A limiting factor in the performance of an internal combustion engine is the amount of combustion air that can be delivered to the intake manifold for combustion in the engine cylinders. Atmospheric pressure is often inadequate to supply the required amount of air for proper operation of an engine.
An internal combustion engine, therefore, may include one or more turbochargers for compressing air to be supplied to one or more combustion chambers within corresponding combustion cylinders. The turbocharger supplies combustion air at a higher pressure and higher density than existing atmospheric pressure and ambient density. The use of a turbocharger can compensate for lack of power due to altitude, or to increase the power that can be obtained from an engine of a given displacement, thereby reducing the cost, weight and size of an engine required for a given power output.

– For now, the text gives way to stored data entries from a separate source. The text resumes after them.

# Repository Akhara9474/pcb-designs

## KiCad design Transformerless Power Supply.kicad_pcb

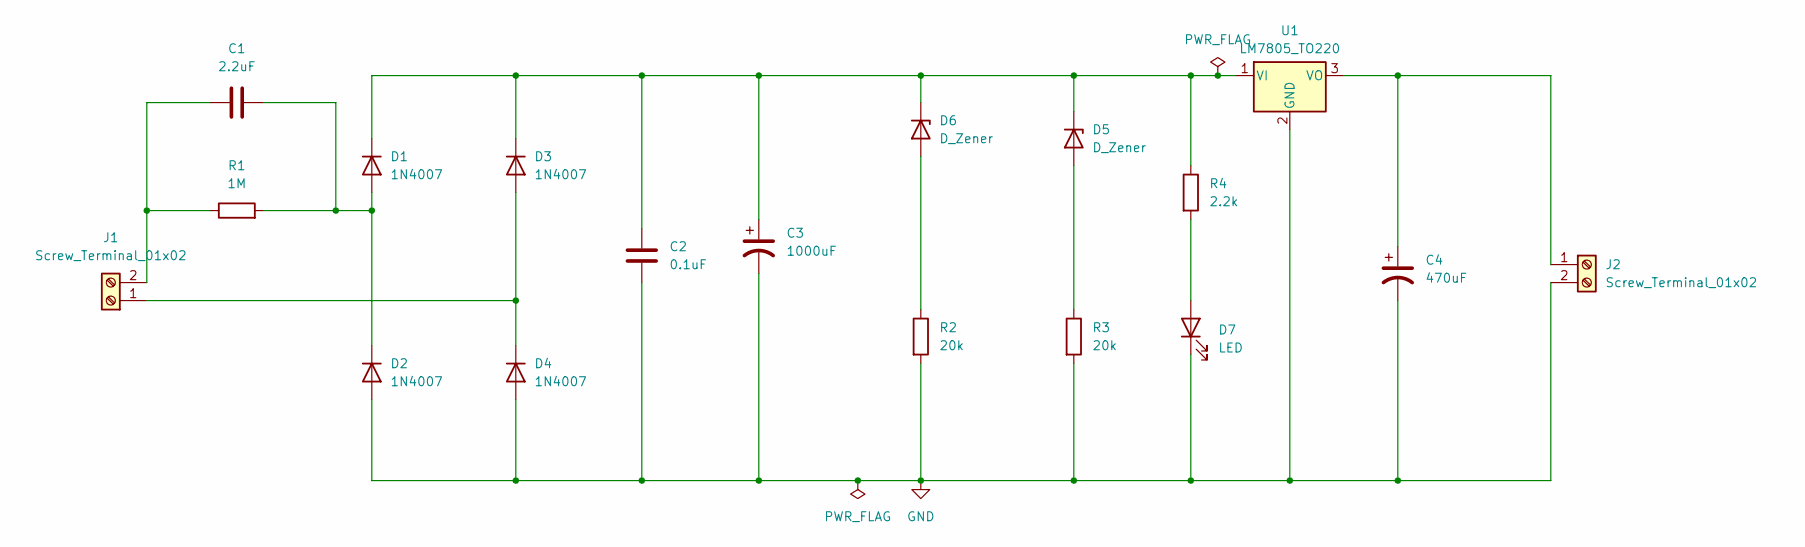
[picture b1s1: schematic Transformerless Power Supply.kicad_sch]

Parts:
C1: 2.2uF; C_Rect_L18.0mm_W6.0mm_P15.00mm_FKS3_FKP3
C2: 0.1uF; C_Disc_D4.7mm_W2.5mm_P5.00mm
C3: 1000uF; CP_Radial_D10.0mm_P5.00mm
C4: 470uF; CP_Radial_D10.0mm_P3.80mm
D1, D2, D3, D4: 1N4007; D_DO-41_SOD81_P10.16mm_Horizontal
D5, D6: D_Zener; D_A-405_P7.62mm_Horizontal
D7: LED; LED_D5.0mm
J1, J2: Screw_Terminal_01x02; Wuerth_691311400102_P7.62mm
R1: 1M; R_Axial_DIN0207_L6.3mm_D2.5mm_P7.62mm_Horizontal
R2, R3: 20k; R_Axial_DIN0207_L6.3mm_D2.5mm_P7.62mm_Horizontal
R4: 2.2k; R_Axial_DIN0207_L6.3mm_D2.5mm_P7.62mm_Horizontal
U1: LM7805_TO220; TO-220-3_Vertical

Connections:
GND: C2.1, C3.2, C4.2, D2.2 (A), D4.2 (A), D7.1 (K), J2.2, R2.2, R3.2, U1.2 (GND)
unnamed: C1.2, D1.2 (A), D2.1 (K), R1.2
unnamed: C2.2, C3.1, D1.1 (K), D3.1 (K), D5.1 (K), D6.1 (K), R4.1, U1.1 (VI)
unnamed: D3.2 (A), D4.1 (K), J1.1
unnamed: D5.2 (A), R3.1
unnamed: D6.2 (A), R2.1
unnamed: D7.2 (A), R4.2
unnamed: C1.1, J1.2, R1.1
unnamed: C4.1, J2.1, U1.3 (VO)

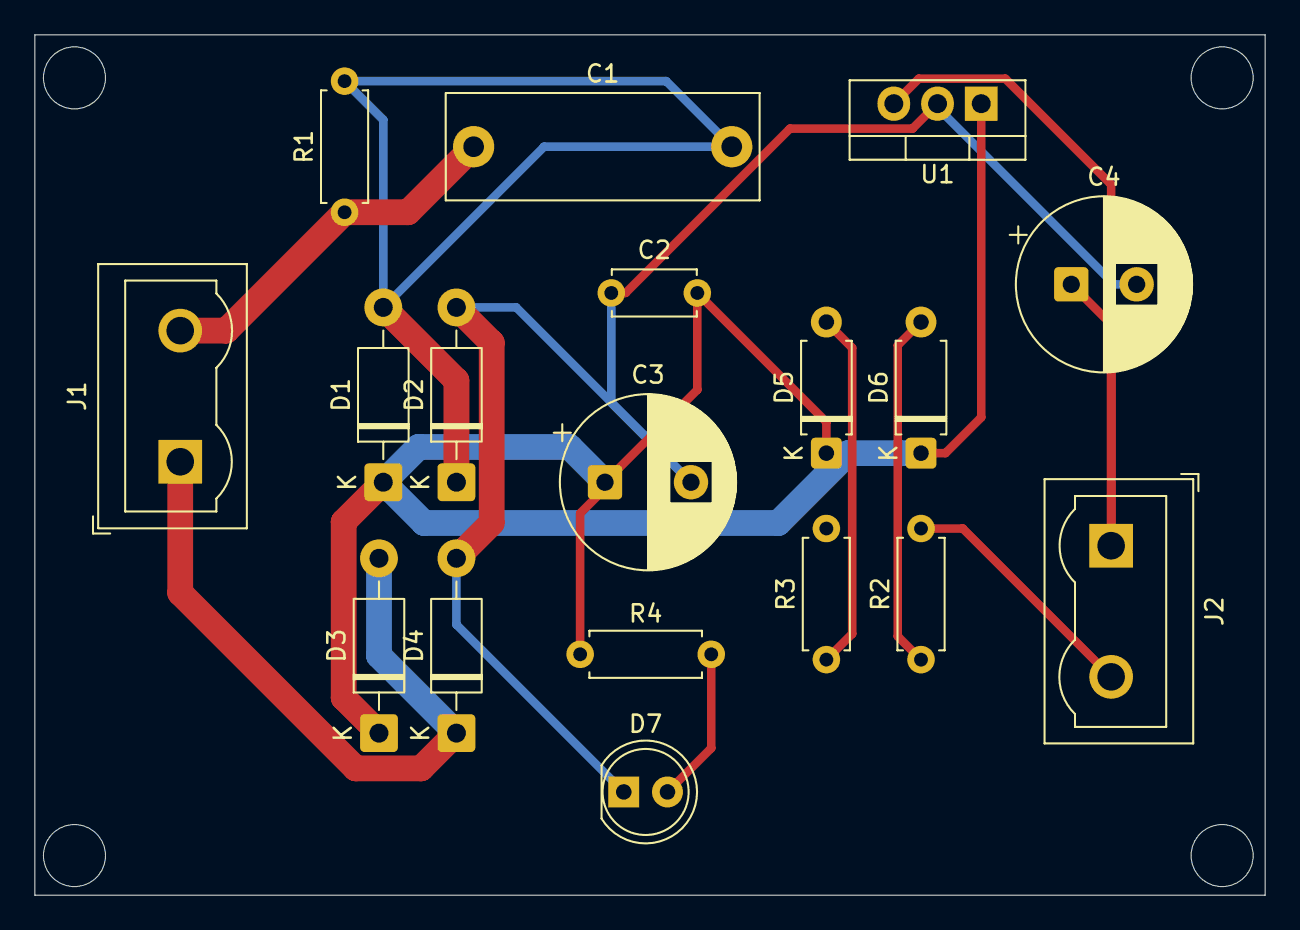
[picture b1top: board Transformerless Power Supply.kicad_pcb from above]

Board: 2 copper layers, 71.5 x 50.0 mm, 18 parts (0 on the bottom side), 9 nets.

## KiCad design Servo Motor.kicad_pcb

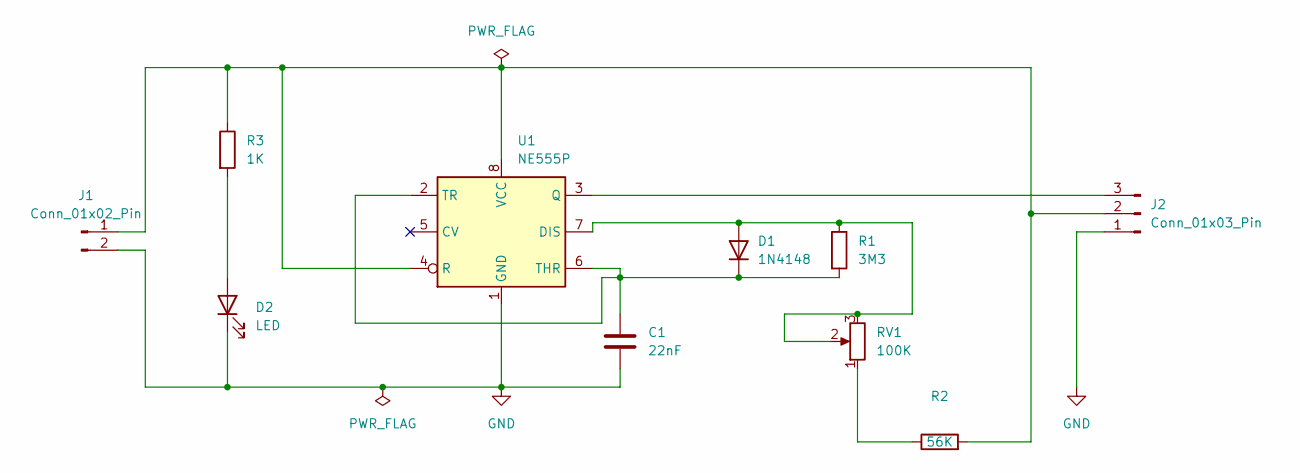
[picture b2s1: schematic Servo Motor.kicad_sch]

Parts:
C1: 22nF; C_Disc_D4.3mm_W1.9mm_P5.00mm
D1: 1N4148; D_DO-35_SOD27_P7.62mm_Horizontal
D2: LED; LED_D3.0mm
J1: Conn_01x02_Pin; PinHeader_1x02_P2.54mm_Horizontal
J2: Conn_01x03_Pin; PinHeader_1x03_P2.54mm_Horizontal
R1: 3M3; R_Axial_DIN0204_L3.6mm_D1.6mm_P7.62mm_Horizontal
R2: 56K; R_Axial_DIN0204_L3.6mm_D1.6mm_P7.62mm_Horizontal
R3: 1K; R_Axial_DIN0204_L3.6mm_D1.6mm_P7.62mm_Horizontal
RV1: 100K; Potentiometer_Alps_RK163_Single_Horizontal
U1: NE555P; DIP-8_W7.62mm

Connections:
GND: C1.1, D2.1 (K), J1.2, J2.1, U1.1 (GND)
unnamed: D1.2 (A), R1.1, RV1.2, RV1.3, U1.7 (DIS)
unnamed: C1.2, D1.1 (K), R1.2, U1.2 (TR), U1.6 (THR)
unnamed: D2.2 (A), R3.2
unnamed: J1.1, J2.2, R2.2, R3.1, U1.4 (R), U1.8 (VCC)
unnamed: J2.3, U1.3 (Q)
unnamed: R2.1, RV1.1

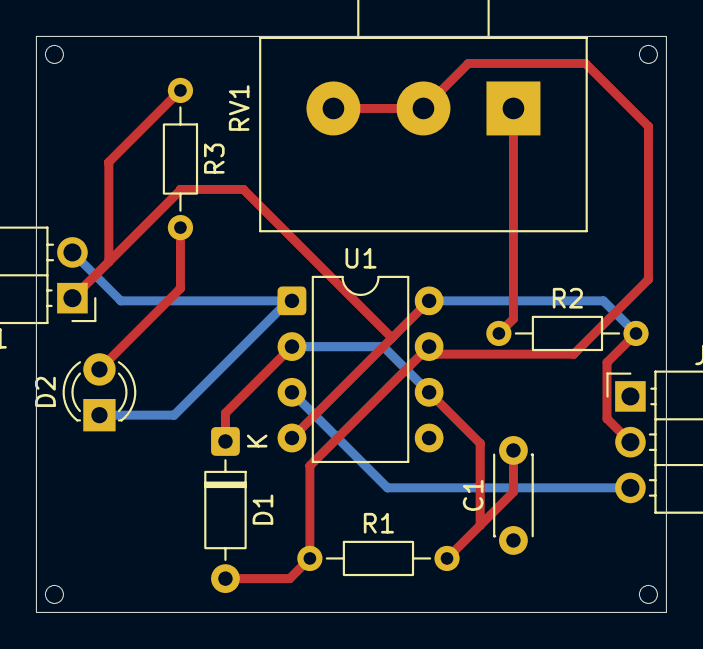
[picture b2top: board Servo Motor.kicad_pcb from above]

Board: 2 copper layers, 35.0 x 32.0 mm, 10 parts (0 on the bottom side), 7 nets.

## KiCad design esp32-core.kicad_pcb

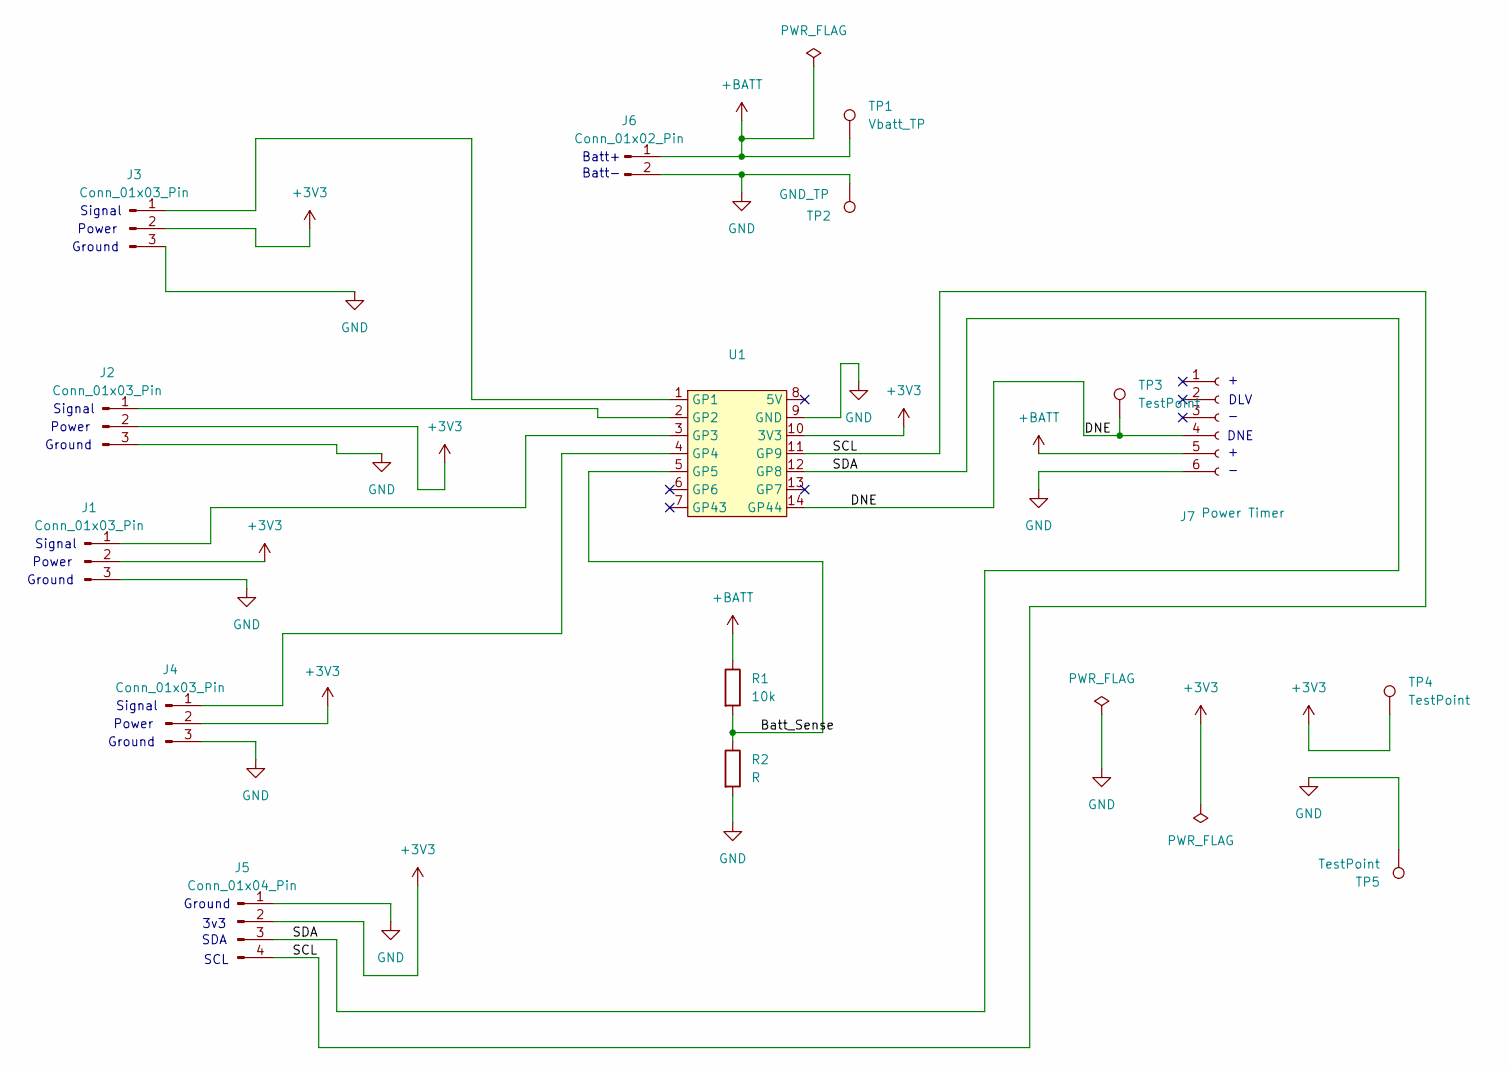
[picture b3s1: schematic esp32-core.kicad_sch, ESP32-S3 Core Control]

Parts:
J1, J2, J3, J4: Conn_01x03_Pin; PinHeader_1x03_P2.54mm_Vertical
J5: Conn_01x04_Pin; PinHeader_1x04_P2.54mm_Vertical
J6: Conn_01x02_Pin; PinHeader_1x02_P2.54mm_Vertical
J7: Power Timer; PinHeader_1x06_P2.54mm_Vertical
R1: 10k; R_Axial_DIN0204_L3.6mm_D1.6mm_P7.62mm_Horizontal
R2: R; R_Axial_DIN0204_L3.6mm_D1.6mm_P7.62mm_Horizontal
TP1: Vbatt_TP; TestPoint_THTPad_1.0x1.0mm_Drill0.5mm
TP2: GND_TP; TestPoint_THTPad_1.0x1.0mm_Drill0.5mm
TP3, TP4, TP5: TestPoint; TestPoint_THTPad_1.0x1.0mm_Drill0.5mm
U1: XIAO-ESP32S3-DIP

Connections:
+3V3: J1.2, J2.2, J3.2, J4.2, J5.2, TP4.1, U1.10 (3V3)
+BATT: J6.1, J7.5, R1.1, TP1.1
/Batt_Sense: R1.2, R2.1, U1.5 (GP5)
/DNE: J7.4, TP3.1, U1.14 (GP44)
/SCL: J5.4, U1.11 (GP9)
/SDA: J5.3, U1.12 (GP8)
GND: J1.3, J2.3, J3.3, J4.3, J5.1, J6.2, J7.6, R2.2, TP2.1, TP5.1, U1.9 (GND)
unnamed: J1.1, U1.3 (GP3)
unnamed: J2.1, U1.2 (GP2)
unnamed: J3.1, U1.1 (GP1)
unnamed: J4.1, U1.4 (GP4)

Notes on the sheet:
Signal
Ground
Power
Batt+
SDA
DLV
DNE
3v3
Batt-
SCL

Each turbocharger typically includes a turbine driven by exhaust gases from the engine, and a compressor driven by the turbine. The compressor receives the air to be compressed and supplies the air to the combustion chamber. It is known to drive the compressor via a shaft carrying both the compressor wheel and the turbine wheel.
It is known to provide higher compression levels through the use of a multi-stage turbocharger. A known multi-stage turbocharger includes a turbine section and two or more compressor sections. A common shaft interconnects the turbine wheel of the turbine section with compressor wheels in the compressor sections. A stream of exhaust gases from the engine is conducted from the exhaust manifold to the turbine section of the turbocharger The stream of exhaust gases passing through the turbine section causes the turbine wheel to rotate, thereby turning the common shaft interconnecting the turbine wheel and the compressor wheels and rotating the compressor wheels.
Ambient air to be used for combustion in the internal combustion engine is brought into an inlet for the first compressor section. The air is compressed by the first compressor wheel, and passes from the first compressor section through a first compressor section outlet to the inlet of the second compressor section, for further compression. An interstage duct is used to conduct the compressed air from the first compressor section outlet to the inlet of the second compressor section. The out flow from the second compressor section exits the turbocharger at the second compressor section outlet, and is directed to the inlet manifold of the internal combustion engine.
U.S. Pat. No. 4,344,289 (Curiel et al.) discloses a supercharger with a two-stage compressor having two compressor wheels which are disposed in a back-to-back orientation relative to each other and carried by a common shaft. It is also known to provide two compressors operating to separately compress volumes of air supplied to a common duct. U.S. Pat. No. 5,157,924 (Sudmanns) discloses compressor wheels disposed in a face-to-face manner relative to each other, and which are carried by a common shaft.
Several problems are experienced with previously known constructions for turbochargers as described above. Providing a common shaft carrying the turbine wheel and two or more compressor wheels for separate compressor stages results in an undesirably large structure, difficult to arrange in an engine compartment. The combined mass of the turbine wheel and compressor wheels, even though positioned at different locations along the shaft, can cause shaft deflections. It is difficult to mount bearings accurately, and premature wear can be a problem. Further, since the compressor wheels are mounted directly on a single shaft, it has not been possible to optimize all compressor wheel speeds for optimum turbocharger performance.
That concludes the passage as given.